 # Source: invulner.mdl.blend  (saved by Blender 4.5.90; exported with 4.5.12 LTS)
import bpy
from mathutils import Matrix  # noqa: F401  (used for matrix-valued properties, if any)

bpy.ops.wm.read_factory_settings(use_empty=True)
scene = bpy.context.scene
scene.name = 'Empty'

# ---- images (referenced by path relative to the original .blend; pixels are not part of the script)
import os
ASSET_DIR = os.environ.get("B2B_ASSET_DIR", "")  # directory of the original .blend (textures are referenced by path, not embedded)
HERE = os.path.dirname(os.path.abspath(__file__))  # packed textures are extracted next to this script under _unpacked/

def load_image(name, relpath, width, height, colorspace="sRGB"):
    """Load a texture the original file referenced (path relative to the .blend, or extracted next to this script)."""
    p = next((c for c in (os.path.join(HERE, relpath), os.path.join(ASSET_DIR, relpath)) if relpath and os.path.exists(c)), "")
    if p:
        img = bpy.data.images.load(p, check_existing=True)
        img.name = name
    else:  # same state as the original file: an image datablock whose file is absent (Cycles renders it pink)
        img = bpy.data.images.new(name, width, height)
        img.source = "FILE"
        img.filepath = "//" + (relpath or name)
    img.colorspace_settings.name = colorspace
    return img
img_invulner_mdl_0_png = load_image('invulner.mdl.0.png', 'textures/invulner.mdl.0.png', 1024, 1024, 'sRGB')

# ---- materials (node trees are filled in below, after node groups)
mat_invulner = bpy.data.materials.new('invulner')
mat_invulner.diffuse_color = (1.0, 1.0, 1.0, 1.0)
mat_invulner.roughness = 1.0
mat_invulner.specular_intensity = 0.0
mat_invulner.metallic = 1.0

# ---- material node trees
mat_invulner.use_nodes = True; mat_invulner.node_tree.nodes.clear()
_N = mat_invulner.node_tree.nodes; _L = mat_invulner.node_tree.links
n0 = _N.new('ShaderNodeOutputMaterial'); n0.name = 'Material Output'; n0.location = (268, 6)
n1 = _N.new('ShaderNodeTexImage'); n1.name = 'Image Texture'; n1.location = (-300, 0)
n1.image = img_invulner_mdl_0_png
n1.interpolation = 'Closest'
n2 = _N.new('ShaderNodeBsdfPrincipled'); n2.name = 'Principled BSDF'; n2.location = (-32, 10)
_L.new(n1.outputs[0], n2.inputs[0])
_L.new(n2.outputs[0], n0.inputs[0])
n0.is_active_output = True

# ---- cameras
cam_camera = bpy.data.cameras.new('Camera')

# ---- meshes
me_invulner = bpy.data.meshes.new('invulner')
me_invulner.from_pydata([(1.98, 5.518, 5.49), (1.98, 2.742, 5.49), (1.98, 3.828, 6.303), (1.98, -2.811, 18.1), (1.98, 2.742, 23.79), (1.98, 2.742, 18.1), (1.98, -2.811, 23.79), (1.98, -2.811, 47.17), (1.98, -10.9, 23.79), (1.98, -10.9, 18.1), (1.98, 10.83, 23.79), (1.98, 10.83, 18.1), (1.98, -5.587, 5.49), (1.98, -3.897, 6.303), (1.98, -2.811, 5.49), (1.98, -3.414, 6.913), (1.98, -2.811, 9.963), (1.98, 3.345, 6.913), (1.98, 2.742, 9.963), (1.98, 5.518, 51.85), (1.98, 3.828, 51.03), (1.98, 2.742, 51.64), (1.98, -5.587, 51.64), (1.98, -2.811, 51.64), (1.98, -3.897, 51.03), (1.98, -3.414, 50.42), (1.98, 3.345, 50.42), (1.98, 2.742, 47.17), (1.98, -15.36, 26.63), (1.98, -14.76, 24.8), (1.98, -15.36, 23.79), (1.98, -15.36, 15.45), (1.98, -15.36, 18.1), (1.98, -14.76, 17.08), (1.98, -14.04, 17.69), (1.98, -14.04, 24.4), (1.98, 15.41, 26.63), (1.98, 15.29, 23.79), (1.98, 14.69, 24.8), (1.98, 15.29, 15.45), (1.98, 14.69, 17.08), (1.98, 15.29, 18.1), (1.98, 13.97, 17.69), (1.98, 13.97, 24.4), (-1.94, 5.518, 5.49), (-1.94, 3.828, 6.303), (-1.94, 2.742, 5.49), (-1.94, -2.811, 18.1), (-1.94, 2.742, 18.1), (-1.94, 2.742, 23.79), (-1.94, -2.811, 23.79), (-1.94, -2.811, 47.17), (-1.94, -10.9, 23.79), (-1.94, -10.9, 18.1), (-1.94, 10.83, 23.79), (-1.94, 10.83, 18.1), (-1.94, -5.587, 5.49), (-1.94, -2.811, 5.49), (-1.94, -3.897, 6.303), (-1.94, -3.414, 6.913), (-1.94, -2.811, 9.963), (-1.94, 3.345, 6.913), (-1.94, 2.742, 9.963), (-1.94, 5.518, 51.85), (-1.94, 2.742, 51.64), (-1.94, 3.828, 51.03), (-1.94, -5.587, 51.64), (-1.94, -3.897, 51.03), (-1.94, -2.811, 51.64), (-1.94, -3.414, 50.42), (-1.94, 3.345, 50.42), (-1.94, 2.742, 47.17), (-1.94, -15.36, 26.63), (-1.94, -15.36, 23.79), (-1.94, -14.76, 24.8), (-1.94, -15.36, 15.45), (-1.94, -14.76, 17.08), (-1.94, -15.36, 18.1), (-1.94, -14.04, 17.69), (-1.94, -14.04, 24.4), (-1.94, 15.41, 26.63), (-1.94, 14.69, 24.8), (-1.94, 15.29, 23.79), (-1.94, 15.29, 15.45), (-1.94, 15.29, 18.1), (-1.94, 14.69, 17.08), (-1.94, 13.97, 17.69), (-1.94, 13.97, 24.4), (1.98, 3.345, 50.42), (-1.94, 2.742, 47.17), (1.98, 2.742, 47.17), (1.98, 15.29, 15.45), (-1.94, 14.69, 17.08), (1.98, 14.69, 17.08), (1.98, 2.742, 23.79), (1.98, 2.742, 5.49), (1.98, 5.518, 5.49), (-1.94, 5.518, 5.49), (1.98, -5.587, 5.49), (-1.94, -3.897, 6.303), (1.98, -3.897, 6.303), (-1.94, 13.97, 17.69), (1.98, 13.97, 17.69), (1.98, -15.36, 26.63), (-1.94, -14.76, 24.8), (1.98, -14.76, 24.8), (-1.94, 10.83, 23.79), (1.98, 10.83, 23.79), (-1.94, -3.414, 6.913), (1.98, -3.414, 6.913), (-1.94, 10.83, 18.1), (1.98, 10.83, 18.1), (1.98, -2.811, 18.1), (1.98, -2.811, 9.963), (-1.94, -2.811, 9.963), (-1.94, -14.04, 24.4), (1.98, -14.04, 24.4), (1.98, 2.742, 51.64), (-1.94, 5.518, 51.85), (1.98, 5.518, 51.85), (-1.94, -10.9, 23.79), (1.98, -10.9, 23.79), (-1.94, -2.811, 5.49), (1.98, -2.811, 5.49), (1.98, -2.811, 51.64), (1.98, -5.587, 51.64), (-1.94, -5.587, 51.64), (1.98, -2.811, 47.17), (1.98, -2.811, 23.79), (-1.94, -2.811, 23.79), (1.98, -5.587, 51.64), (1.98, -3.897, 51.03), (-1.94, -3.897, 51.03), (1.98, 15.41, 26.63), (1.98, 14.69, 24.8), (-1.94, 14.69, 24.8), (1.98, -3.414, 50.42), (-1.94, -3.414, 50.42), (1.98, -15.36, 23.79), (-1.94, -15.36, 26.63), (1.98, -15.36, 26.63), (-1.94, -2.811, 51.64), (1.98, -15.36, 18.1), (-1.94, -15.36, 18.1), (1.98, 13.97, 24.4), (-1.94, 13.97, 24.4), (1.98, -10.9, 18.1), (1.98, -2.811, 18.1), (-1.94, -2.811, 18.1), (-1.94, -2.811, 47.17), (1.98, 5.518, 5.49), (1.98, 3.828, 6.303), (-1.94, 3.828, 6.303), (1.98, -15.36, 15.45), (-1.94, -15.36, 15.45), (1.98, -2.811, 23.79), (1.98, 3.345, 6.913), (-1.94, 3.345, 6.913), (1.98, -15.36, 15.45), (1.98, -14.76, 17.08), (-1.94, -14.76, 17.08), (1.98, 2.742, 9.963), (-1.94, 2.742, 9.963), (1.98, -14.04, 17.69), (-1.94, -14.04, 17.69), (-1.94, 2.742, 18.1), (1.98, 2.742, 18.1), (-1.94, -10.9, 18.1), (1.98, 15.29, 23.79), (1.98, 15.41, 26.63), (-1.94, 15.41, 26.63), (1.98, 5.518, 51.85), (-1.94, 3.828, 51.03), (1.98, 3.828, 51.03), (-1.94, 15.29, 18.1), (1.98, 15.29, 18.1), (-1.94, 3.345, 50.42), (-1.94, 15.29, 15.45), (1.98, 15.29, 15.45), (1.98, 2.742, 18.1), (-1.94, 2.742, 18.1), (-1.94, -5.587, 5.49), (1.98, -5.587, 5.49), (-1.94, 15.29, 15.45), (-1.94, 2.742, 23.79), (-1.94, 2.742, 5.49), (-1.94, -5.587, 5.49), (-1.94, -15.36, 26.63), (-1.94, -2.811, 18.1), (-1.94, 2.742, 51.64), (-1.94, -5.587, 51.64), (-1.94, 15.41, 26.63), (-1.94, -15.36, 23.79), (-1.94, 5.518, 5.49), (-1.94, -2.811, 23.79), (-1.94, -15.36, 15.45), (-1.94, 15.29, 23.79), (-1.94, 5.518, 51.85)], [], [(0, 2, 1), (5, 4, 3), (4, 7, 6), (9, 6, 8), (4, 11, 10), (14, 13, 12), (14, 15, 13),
· · · · · · ·
-- Task brief --
Each line from the first line of the listing through the line with "scene.name = 'Empty'" must be output exactly, both ends included, and no other line may appear.

-- Expected answer --
 # Source: invulner.mdl.blend  (saved by Blender 4.5.90; exported with 4.5.12 LTS)
import bpy
from mathutils import Matrix  # noqa: F401  (used for matrix-valued properties, if any)

bpy.ops.wm.read_factory_settings(use_empty=True)
scene = bpy.context.scene
scene.name = 'Empty'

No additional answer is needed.